Quimeta le extendió los papeles que habíamos estado buscando en las bolsas ante su mirada inquisitiva. La chica los cogió y los hojeó por encima.
—Tenemos una deuda sobre la casa de una de nosotras. Si la pierde, se quedará sin nada —le expliqué de una manera para que pudiera entender la gravedad del asunto—. Si no nos dan el dinero, mi amiga perderá su casa y su modo de vida.
La muchacha nos examinó unos instantes, cambiando su mirada. Diría que entendió la situación, y creo que se compadeció de nosotras.
—Siento mucho lo que está pasándoles —comenzó con aire profesional. Sin embargo, en su voz había un tono de pesadumbre—. Pero no vamos a poder hacer nada para ayudarlas. Yo recogeré todos sus papeles y solicitudes, los elevaré al estamento que hacen los Estudios Económicos, pero lamento decirles que, seguramente, al ver su edad y avales, no seguirán adelante con el estudio.
—Estás diciendo que no vais a darnos el dinero —dejó en claro Quimeta, seria y educadamente.
—Lo siento, pero es así, y no depende de mí —manifestó ella, entrelazando las manos sobre la mesa e inclinándose levemente hacia nosotras—. Si dependiera de mí, intentaría hacer todo lo posible, pero les ahorro tiempo diciéndoles que no van a pasar ni el primer estudio. Si tienen alguna otra idea, la venta de alguna propiedad, algún conocido o familiar, o quizá una propuesta que yo desconozca, tal vez sería el momento de ponerla en marcha —expuso con sinceridad.

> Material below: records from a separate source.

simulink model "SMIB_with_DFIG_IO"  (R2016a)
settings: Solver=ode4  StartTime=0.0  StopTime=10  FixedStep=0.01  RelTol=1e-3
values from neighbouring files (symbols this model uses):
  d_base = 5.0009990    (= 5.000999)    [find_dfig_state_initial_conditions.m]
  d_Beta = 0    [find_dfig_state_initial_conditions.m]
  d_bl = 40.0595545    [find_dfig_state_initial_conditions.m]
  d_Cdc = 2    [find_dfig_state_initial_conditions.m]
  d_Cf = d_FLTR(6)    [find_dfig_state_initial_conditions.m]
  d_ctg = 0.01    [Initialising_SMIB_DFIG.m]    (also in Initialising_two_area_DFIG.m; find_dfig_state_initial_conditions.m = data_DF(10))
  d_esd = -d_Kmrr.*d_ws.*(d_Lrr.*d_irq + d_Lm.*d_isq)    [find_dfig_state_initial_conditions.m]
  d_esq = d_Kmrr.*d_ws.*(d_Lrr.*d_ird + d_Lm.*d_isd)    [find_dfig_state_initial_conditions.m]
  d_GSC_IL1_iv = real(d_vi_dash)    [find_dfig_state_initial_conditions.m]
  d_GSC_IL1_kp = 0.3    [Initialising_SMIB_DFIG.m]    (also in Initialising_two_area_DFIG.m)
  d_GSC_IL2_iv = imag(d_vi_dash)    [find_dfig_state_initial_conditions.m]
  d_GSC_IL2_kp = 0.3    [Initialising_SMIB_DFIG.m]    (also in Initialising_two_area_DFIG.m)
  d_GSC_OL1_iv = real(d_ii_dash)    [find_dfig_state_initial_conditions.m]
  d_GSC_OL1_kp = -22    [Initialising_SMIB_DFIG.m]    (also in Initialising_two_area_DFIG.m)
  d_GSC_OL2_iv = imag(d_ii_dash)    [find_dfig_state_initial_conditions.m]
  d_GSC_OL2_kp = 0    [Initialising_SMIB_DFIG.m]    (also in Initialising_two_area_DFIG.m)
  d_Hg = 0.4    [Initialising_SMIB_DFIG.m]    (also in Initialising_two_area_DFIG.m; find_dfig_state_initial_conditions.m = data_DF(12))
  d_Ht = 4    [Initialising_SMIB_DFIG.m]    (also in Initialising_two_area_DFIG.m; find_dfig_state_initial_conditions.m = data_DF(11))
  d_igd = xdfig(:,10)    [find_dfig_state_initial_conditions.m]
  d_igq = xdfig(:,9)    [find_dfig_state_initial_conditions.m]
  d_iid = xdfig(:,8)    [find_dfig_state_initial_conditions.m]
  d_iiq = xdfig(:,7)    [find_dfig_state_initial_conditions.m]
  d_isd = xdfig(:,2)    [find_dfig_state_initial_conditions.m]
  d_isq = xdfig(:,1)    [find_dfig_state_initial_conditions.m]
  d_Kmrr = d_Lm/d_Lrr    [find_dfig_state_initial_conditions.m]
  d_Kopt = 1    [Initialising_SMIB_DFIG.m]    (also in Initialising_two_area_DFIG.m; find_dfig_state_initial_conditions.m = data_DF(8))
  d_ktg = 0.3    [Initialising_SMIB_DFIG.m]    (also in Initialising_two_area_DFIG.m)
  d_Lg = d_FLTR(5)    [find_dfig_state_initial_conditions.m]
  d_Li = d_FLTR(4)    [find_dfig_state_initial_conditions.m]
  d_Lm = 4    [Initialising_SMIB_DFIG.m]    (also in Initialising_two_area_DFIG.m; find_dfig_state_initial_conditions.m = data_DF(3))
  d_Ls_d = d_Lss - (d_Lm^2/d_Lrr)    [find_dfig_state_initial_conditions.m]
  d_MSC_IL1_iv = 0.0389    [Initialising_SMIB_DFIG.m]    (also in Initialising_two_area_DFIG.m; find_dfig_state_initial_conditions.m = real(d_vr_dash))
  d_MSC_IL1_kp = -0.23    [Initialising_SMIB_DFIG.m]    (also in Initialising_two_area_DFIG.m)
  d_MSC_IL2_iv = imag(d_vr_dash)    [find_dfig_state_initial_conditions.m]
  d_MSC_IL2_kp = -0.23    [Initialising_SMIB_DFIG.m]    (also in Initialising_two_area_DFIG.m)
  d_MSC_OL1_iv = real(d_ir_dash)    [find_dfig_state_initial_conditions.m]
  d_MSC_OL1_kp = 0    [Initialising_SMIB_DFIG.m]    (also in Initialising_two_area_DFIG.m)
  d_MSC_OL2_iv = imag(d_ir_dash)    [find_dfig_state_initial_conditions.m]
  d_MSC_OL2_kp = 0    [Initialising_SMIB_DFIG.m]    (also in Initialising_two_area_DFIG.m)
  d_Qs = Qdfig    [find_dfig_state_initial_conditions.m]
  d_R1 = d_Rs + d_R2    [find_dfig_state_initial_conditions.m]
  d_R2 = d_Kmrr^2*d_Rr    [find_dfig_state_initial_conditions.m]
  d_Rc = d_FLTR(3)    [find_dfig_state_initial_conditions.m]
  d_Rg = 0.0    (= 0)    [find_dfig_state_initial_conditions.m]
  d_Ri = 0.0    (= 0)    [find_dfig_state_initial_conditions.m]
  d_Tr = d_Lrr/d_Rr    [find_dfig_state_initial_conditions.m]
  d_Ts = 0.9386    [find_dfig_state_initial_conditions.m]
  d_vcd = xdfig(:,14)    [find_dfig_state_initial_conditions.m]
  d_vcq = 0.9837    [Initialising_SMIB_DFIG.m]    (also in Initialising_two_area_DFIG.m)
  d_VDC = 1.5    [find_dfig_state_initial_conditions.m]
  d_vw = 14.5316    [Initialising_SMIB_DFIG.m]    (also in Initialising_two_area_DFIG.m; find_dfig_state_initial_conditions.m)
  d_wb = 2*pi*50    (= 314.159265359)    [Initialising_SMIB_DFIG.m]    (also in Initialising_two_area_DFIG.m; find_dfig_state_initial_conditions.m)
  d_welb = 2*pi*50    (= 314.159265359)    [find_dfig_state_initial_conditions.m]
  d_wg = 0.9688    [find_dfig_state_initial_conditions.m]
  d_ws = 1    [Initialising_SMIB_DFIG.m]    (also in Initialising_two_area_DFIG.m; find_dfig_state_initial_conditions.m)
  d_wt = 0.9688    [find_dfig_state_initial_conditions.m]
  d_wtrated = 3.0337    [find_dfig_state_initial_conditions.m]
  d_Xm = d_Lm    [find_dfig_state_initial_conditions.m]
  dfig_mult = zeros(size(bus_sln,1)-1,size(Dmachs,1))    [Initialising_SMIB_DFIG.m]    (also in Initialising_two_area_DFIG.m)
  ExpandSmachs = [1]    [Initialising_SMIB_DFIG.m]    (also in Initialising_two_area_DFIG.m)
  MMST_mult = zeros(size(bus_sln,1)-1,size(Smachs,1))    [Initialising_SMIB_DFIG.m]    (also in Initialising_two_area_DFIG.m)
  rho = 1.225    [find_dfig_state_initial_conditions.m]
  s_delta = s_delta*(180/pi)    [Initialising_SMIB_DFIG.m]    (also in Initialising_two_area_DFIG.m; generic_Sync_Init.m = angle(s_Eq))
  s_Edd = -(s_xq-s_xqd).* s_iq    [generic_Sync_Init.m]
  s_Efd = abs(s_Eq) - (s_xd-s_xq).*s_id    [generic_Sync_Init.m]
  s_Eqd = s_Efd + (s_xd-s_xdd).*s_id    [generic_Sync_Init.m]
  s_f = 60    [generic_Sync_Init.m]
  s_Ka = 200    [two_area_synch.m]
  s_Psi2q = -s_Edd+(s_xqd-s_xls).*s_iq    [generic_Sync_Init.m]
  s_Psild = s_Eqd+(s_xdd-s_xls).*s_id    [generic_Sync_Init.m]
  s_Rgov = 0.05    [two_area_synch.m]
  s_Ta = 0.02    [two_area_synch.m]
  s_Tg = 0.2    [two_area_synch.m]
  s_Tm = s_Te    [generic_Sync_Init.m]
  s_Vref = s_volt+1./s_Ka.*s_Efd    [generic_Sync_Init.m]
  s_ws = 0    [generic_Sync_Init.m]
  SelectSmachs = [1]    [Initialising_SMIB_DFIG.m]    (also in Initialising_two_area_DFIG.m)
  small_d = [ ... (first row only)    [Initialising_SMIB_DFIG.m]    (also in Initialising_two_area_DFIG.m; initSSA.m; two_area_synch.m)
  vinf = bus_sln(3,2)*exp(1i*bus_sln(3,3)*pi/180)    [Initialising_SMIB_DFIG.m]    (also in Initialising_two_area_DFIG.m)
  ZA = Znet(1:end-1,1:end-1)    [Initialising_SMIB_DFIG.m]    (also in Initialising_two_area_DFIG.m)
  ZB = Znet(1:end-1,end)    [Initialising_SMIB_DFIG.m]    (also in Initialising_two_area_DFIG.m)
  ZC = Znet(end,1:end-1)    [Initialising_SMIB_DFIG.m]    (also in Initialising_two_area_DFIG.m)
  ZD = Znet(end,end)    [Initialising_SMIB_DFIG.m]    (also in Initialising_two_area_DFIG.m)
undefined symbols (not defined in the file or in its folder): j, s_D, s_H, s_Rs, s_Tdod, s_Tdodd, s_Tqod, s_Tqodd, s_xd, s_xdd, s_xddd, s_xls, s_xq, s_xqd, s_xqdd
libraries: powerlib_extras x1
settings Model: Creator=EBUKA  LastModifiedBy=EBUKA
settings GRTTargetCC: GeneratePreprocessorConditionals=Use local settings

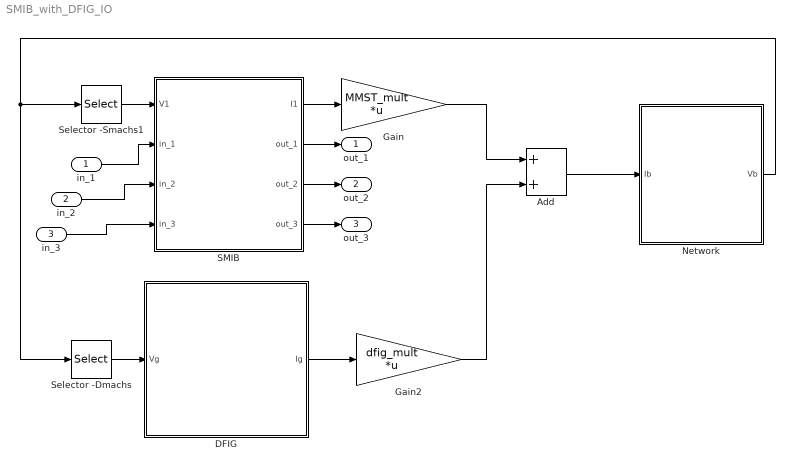
== system SMIB_with_DFIG_IO ==
  in_1 : Inport
  in_2 : Inport  Port=2
  in_3 : Inport  Port=3
  Add : Sum
  DFIG : Subsystem
  Gain : Gain  Gain=MMST_mult  Multiplication=Matrix(K*u)
  Gain2 : Gain  Gain=dfig_mult  Multiplication=Matrix(K*u)
  Network : Subsystem
  SMIB : Subsystem
  Selector -Dmachs : Selector  InputPortWidth=13  IndexOptions=Index vector (dialog)  Indices=Dmachs  OutputSizes=1
  Selector -Smachs1 : Selector  InputPortWidth=13  IndexOptions=Index vector (dialog)  Indices=Smachs  OutputSizes=1
  out_1 : Outport
  out_2 : Outport  Port=2
  out_3 : Outport  Port=3
  wires:
  Selector -Smachs1/1 -> SMIB/1(V1)
  SMIB/1(I1) -> Gain/1
  Add/1 -> Network/1(Ib)
  Gain/1 -> Add/1
  Gain2/1 -> Add/2
  DFIG/1(Ig) -> Gain2/1
  Selector -Dmachs/1 -> DFIG/1(Vg)
  Network/1(Vb) -> Selector -Smachs1/1, Selector -Dmachs/1
  in_1/1 -> SMIB/2(in_1)
  in_2/1 -> SMIB/3(in_2)
  in_3/1 -> SMIB/4(in_3)
  SMIB/2(out_1) -> out_1/1
  SMIB/3(out_2) -> out_2/1
  SMIB/4(out_3) -> out_3/1

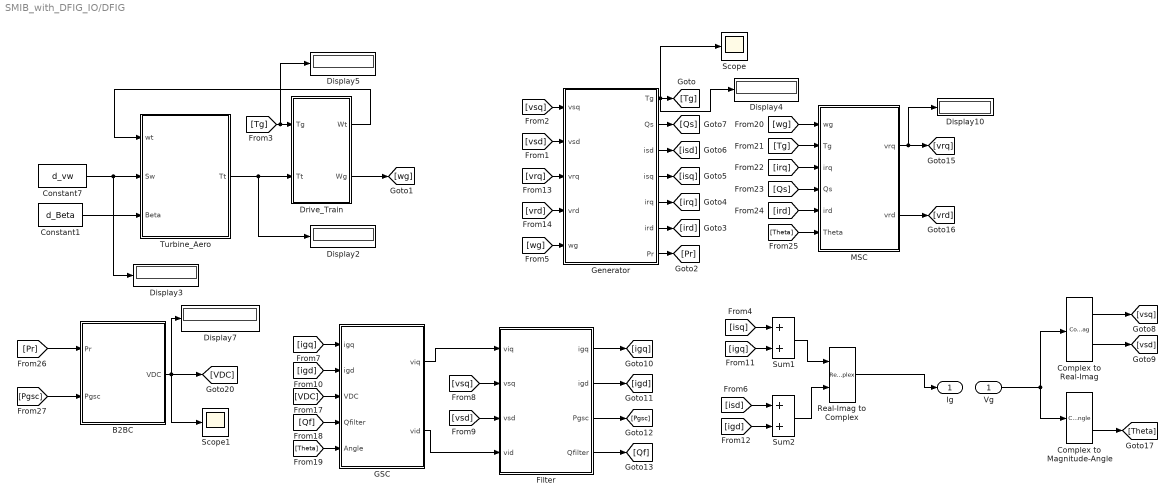
== system SMIB_with_DFIG_IO/DFIG ==
  Vg : Inport
  B2BC : Subsystem
  Complex to Magnitude-Angle : ComplexToMagnitudeAngle
  Complex to Real-Imag : ComplexToRealImag
  Constant1 : Constant  Value=d_Beta
  Constant7 : Constant  Value=d_vw
  Display{2..5,7,10} (6 alike) : Display
  Drive_Train : Subsystem
  Filter : Subsystem
  GSC : Subsystem
  Generator : Subsystem
  MSC : Subsystem
  Real-Imag to Complex : RealImagToComplex
  Scope : Scope
  Scope1 : Scope
  Sum1 : Sum
  Sum2 : Sum
  Turbine_Aero : Subsystem
  Ig : Outport
  wires:
  [vrd] -> Generator/4(vrd)
  [vsd] -> Generator/2(vsd)
  Drive_Train/1(Wt) -> Turbine_Aero/1(wt)
  Generator/6(ird) -> [ird]
  [Tg] -> Display5/1, Drive_Train/1(Tg)
  Constant7/1 -> Display3/1, Turbine_Aero/2(Sw)
  Turbine_Aero/1(Tt) -> Display2/1, Drive_Train/2(Tt)
  [wg] -> Generator/5(wg)
  Generator/1(Tg) -> Display4/1, Scope/1, [Tg]
  Drive_Train/2(Wg) -> [wg]
  [vrq] -> Generator/3(vrq)
  Constant1/1 -> Turbine_Aero/3(Beta)
  Generator/5(irq) -> [irq]
  [Qs] -> MSC/4(Qs)
  [igq] -> GSC/1(igq)
  [Qf] -> GSC/4(Qfilter)
  [vsq] -> Generator/1(vsq)
  [Tg] -> MSC/2(Tg)
  Generator/4(isq) -> [isq]
  [ird] -> MSC/5(ird)
  [vsq] -> Filter/2(vsq)
  Generator/3(isd) -> [isd]
  Generator/2(Qs) -> [Qs]
  Filter/1(igq) -> [igq]
  Filter/2(igd) -> [igd]
  Filter/4(Qfilter) -> [Qf]
  [igd] -> GSC/2(igd)
  [VDC] -> GSC/3(VDC)
  [Theta] -> GSC/5(Angle)
  [wg] -> MSC/1(wg)
  [irq] -> MSC/3(irq)
  [Theta] -> MSC/6(Theta)
  [vsd] -> Filter/3(vsd)
  [Pgsc] -> B2BC/2(Pgsc)
  B2BC/1(VDC) -> Scope1/1, [VDC], Display7/1
  GSC/1(viq) -> Filter/1(viq)
  Filter/3(Pgsc) -> [Pgsc]
  MSC/2(vrd) -> [vrd]
  GSC/2(vid) -> Filter/4(vid)
  MSC/1(vrq) -> Display10/1, [vrq]
  [Pr] -> B2BC/1(Pr)
  Generator/7(Pr) -> [Pr]
  Complex to Magnitude-Angle/2 -> [Theta]
  [isq] -> Sum1/1
  Sum2/1 -> Real-Imag to Complex/2
  [isd] -> Sum2/1
  [igd] -> Sum2/2
  Complex to Real-Imag/2 -> [vsd]
  Complex to Real-Imag/1 -> [vsq]
  [igq] -> Sum1/2
  Sum1/1 -> Real-Imag to Complex/1
  Vg/1 -> Complex to Magnitude-Angle/1, Complex to Real-Imag/1
  Real-Imag to Complex/1 -> Ig/1

== system SMIB_with_DFIG_IO/Network ==
  Ib : Inport
  Constant5 : Constant  Value=vinf
  Gain1 : Gain  Gain=ZA-ZB*inv(ZD)*ZC  Multiplication=Matrix(K*u)
  Gain2 : Gain  Gain=ZB*inv(ZD)  Multiplication=Matrix(K*u)
  Sum3 : Sum
  Vb : Outport
  wires:
  Ib/1 -> Gain1/1
  Gain1/1 -> Sum3/1
  Sum3/1 -> Vb/1
  Gain2/1 -> Sum3/2
  Constant5/1 -> Gain2/1

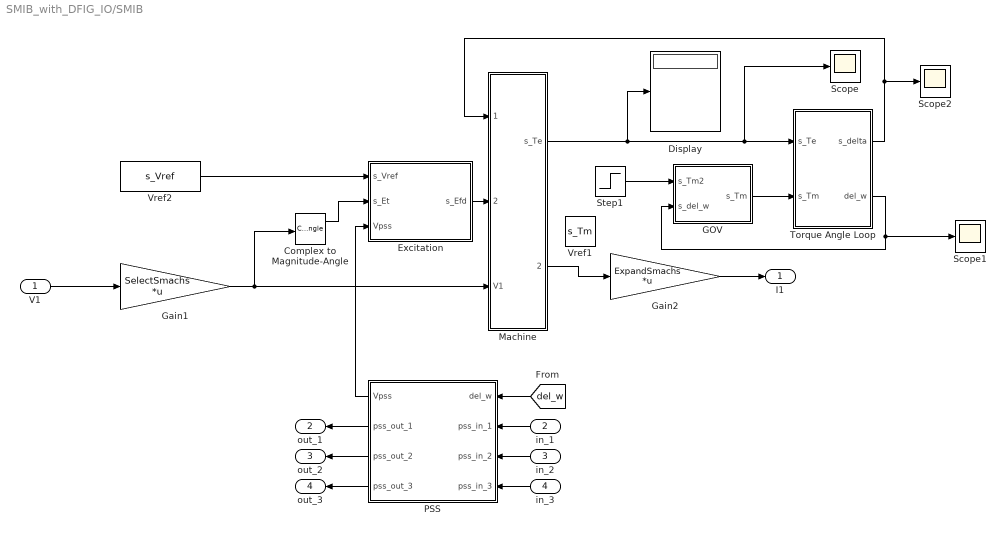
== system SMIB_with_DFIG_IO/SMIB ==
  V1 : Inport
  in_1 : Inport  Port=2
  in_2 : Inport  Port=3
  in_3 : Inport  Port=4
  Complex to Magnitude-Angle : ComplexToMagnitudeAngle
  Display : Display
  Excitation : Subsystem
  GOV : Subsystem
  Gain1 : Gain  Gain=SelectSmachs  Multiplication=Matrix(K*u)
  Gain2 : Gain  Gain=ExpandSmachs  Multiplication=Matrix(K*u)
  Machine : Subsystem
  PSS : Subsystem
  Scope : Scope
  Scope1 : Scope
  Scope2 : Scope
  Step1 : Step  Before=s_Tm  After=s_Tm+0.07031  SampleTime=0
  Torque Angle Loop : Subsystem
  Vref1 : Constant  Value=s_Tm
  Vref2 : Constant  Value=s_Vref
  I1 : Outport
  out_1 : Outport  Port=2
  out_2 : Outport  Port=3
  out_3 : Outport  Port=4
  wires:
  Gain1/1 -> Machine/3(V1), Complex to Magnitude-Angle/1
  Gain2/1 -> I1/1
  Torque Angle Loop/1(s_delta) -> Scope2/1, Machine/1(s_delta)
  Machine/2(s_iDQ) -> Gain2/1
  Torque Angle Loop/2(del_w) -> Scope1/1, GOV/2(s_del_w)
  Complex to Magnitude-Angle/1 -> Excitation/2(s_Et)
  Machine/1(s_Te) -> Display/1, Scope/1, Torque Angle Loop/1("s_Te ")
  GOV/1(s_Tm) -> Torque Angle Loop/2(s_Tm)
  Step1/1 -> GOV/1(s_Tm2)
  Excitation/1(s_Efd) -> Machine/2(s_Efd)
  Vref2/1 -> Excitation/1(s_Vref)
  V1/1 -> Gain1/1
  PSS/1(Vpss) -> Excitation/3(Vpss)
  PSS/2(pss_out_1) -> out_1/1
  PSS/3(pss_out_2) -> out_2/1
  PSS/4(pss_out_3) -> out_3/1
  [del_w] -> PSS/1(del_w)
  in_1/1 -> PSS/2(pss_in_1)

Supongo que la cara de Quimeta y la mía eran un poema, pues la chica nos contemplaba ya con aire de pena—. Puedo hacerles un papel para presentar al fondo de inversión que les pide el dinero, conforme estamos iniciando un estudio económico ⸻nos ofreció, moviendo los papeles de un lado a otro⸻. A ver si así les dan un poco de tiempo para poder pensar en algo.
—Nos gustaría mucho tener ese papel, hija —aceptó Quimeta con desidia—. Probaremos presentarlo y así ganar tiempo, como tú dices.
La muchacha se levantó de su silla y se fue hacia otro despacho, quizá para hacer alguna fotocopia o el informe en privado.
—¿Ves como no van a dejarnos el dinero? —azucé a Quimeta, sin que esta se atreviera a mirarme. Sabía de sobra lo que estaba pensando.
—No es el único banco —argumentó, acomodando la bolsa de papeles en su regazo—. Probaremos en más.
La respuesta que obtuve de Quimeta hizo que yo enviara un resoplido al aire y una mirada a la nada mientras negaba con la cabeza. Llevábamos ya un montón de bancos visitados, y todo eran negativas y malas caras. Me dolía la cabeza de oír las mismas excusas. Esa semana había sido una auténtica pesadilla. Y como si las palabras de aquella muchacha se tratasen de una premonición, nadie nos hacía caso. Éramos invisibles. O peor, éramos viejas.